Nouvel utilisateur mac, je possède un ibook G4 et un Macbook.
Lorsque je navigue dans le finder de mon macbook je constate que l'ibook apparait dans "Partagés" sous deux nom différents:

Le premier me permet de naviguer jusqu'à la "boite de dépot" mais me dit que je n'ai pas les autorisations nécessaires.
Le second (celui qui à le bon nom d'identification reseau) me dit que la connexion a échoué.

Le partage de fichier est activé sur les deux ordinateurs mais il me manque les autres étapes.
Pourriez vous m'indiquer un tuto quelque part par là??

PS: un est sous tiger l'autre sous léopard. 

Merci d'avance.


----------



## anneee (14 Septembre 2008)

http://www.rhinos-mac.fr/image/tutoriaux/reseaux/reseau_2_mac.html


----------



## bompi (14 Septembre 2008)

Pour tout ces problèmes de partage, il y a, attendant de fignoler le paramétrage, la possibilité de faire des transferts facilement avec un client FTP/sFTP (tels Fugu ou Transmit).

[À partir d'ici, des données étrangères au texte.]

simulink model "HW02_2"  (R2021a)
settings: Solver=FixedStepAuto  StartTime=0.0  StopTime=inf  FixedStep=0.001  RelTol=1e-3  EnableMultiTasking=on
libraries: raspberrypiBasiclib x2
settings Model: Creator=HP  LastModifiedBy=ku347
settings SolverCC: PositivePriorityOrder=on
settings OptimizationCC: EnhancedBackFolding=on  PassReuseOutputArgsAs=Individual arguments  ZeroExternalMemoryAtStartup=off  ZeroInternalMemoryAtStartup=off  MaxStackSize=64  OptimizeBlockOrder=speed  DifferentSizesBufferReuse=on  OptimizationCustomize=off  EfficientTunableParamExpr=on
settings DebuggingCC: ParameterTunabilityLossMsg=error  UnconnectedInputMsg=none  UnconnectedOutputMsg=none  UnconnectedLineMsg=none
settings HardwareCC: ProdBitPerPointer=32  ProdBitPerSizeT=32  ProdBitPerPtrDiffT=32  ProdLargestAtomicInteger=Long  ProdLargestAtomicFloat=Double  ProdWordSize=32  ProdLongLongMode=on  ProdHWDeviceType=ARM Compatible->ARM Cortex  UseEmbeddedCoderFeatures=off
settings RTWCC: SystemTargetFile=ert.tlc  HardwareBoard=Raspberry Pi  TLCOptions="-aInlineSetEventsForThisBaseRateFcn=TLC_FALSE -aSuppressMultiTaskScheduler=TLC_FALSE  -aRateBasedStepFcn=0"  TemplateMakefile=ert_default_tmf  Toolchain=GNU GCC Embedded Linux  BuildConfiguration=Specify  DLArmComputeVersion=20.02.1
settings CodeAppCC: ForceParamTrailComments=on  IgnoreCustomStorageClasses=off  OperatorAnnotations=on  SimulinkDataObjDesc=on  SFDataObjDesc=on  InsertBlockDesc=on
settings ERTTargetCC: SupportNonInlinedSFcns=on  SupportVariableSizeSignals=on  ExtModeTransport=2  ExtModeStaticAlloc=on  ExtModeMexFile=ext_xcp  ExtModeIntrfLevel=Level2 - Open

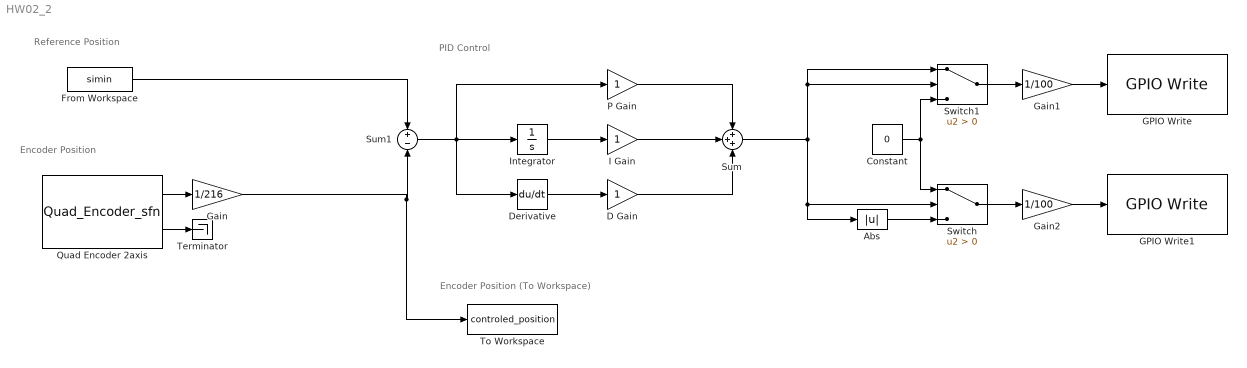
== system HW02_2 ==
  note: Encoder Position (To Workspace)
  note: Encoder Position
  note: Reference Position
  note: PID Control
  Abs : Abs
  Constant : Constant  Value=0
  D Gain : Gain
  Derivative : Derivative
  From Workspace : FromWorkspace  VariableName=simin  SampleTime=-1
  GPIO Write : raspberrypiBasiclib/GPIO Write  board=Pi 4 Model B  gpio=5  direction=Output  blockPlatform=Raspberry Pi
      settings: SourceProductBaseCode=RASPPI
  GPIO Write1 : raspberrypiBasiclib/GPIO Write  board=Pi 4 Model B  gpio=6  direction=Output  blockPlatform=Raspberry Pi
      settings: SourceProductBaseCode=RASPPI
  Gain : Gain  Gain=1/216
  Gain1 : Gain  Gain=1/100
  Gain2 : Gain  Gain=1/100
  I Gain : Gain
  Integrator : Integrator
  P Gain : Gain
  Quad Encoder 2axis : S-Function  InitFcn=try, set_param(gcb,'FunctionName','Quad_Encoder_sfn'), end  FunctionName=Quad_Encoder_sfn  Parameters=uint8(0),uint8(5),uint8(6),uint8(1),uint8(23),uint8(24)  SFunctionModules=Quad_Encoder_sfn_wrapper  SFunctionDeploymentMode=off  EnableBusSupport=off  mask(S-Function Builder){}
      mask init:
      | val = [[.9  0.75 0.75 1 1 .9 .9 1]',[1 1 0.75 0.75 .9 .9 1 .9]'];try , sys = get_param(gcb,'SfunBuilderFcnName');if isempty(sys), sys = get_param(gcb,'FunctionName'); end,catch, sys = get_param(gcb,'FunctionName'); end
      settings: CopyFcn=set_param(gcbh,'LinkStatus','none')  PreSaveFcn=try, set_param(gcb,'FunctionName','Quad_Encoder_sfn'), end  OpenFcn=sfunctionwizard(gcbh)
      mask Display:
      | plot(val(:,1),val(:,2))
      | disp(sys)
      | port_label('output',1,'enc_pos1')
      | port_label('output',2,'enc_pos2')
  Sum : Sum  Inputs=+++
  Sum1 : Sum  Inputs=+-
  Switch : Switch  Criteria=u2 > Threshold
  Switch1 : Switch  Criteria=u2 > Threshold
  Terminator : Terminator
  To Workspace : ToWorkspace  VariableName=controled_position  SaveFormat=Structure With Time  SampleTime=0.001
  wires:
  Integrator/1 -> I Gain/1
  Derivative/1 -> D Gain/1
  I Gain/1 -> Sum/2
  P Gain/1 -> Sum/1
  D Gain/1 -> Sum/3
  Quad Encoder 2axis/1 -> Gain/1
  From Workspace/1 -> Sum1/1
  Sum1/1 -> Derivative/1, P Gain/1, Integrator/1
  Quad Encoder 2axis/2 -> Terminator/1
  Constant/1 -> Switch/1, Switch1/3
  Sum/1 -> Abs/1, Switch/2, Switch1/1, Switch1/2
  Abs/1 -> Switch/3
  Switch1/1 -> Gain1/1
  Switch/1 -> Gain2/1
  Gain1/1 -> GPIO Write/1
  Gain2/1 -> GPIO Write1/1
  Gain/1 -> To Workspace/1, Sum1/2

Il suffit d'activer la connexion à distance (c'est à dire la connexion avec SSH).

Comme c'est du réseau, c'est pour le forum Internet et Réseau.


----------



## bruno06 (14 Septembre 2008)

Bonjour,

Est-il possible de mettre en réseau (partage de fichiers) 2 mac sans fil sous Panther (ibook) et Léopard (imac) ?

Je suis la procédure ci dessus mais lorsque j'essaye de me connecter à l'ibook il me demande un mot de passe ... Quel est ce mdp ? Celui demandé à l'allumage ? La clé wep ou autre ? il me les refuse tous ...

Si quelqu'un à une idée,

Merci.


----------



## Romuald (14 Septembre 2008)

Je pense que c'est le mot de passe de la session de l'ordi auquel tu veux te connecter, pas celui sur lequel tu es.


----------



## bruno06 (14 Septembre 2008)

oui je pense aussi mais ça ne fonctionne pas.


----------



## bompi (14 Septembre 2008)

Voir #3.


----------



## bruno06 (14 Septembre 2008)

Merci pour ton aide mais ça ne m'aide pas trop; n'y a t-il pas de solutions plus simple utilisant seulement les fonctionnalités de Mac osx ?


----------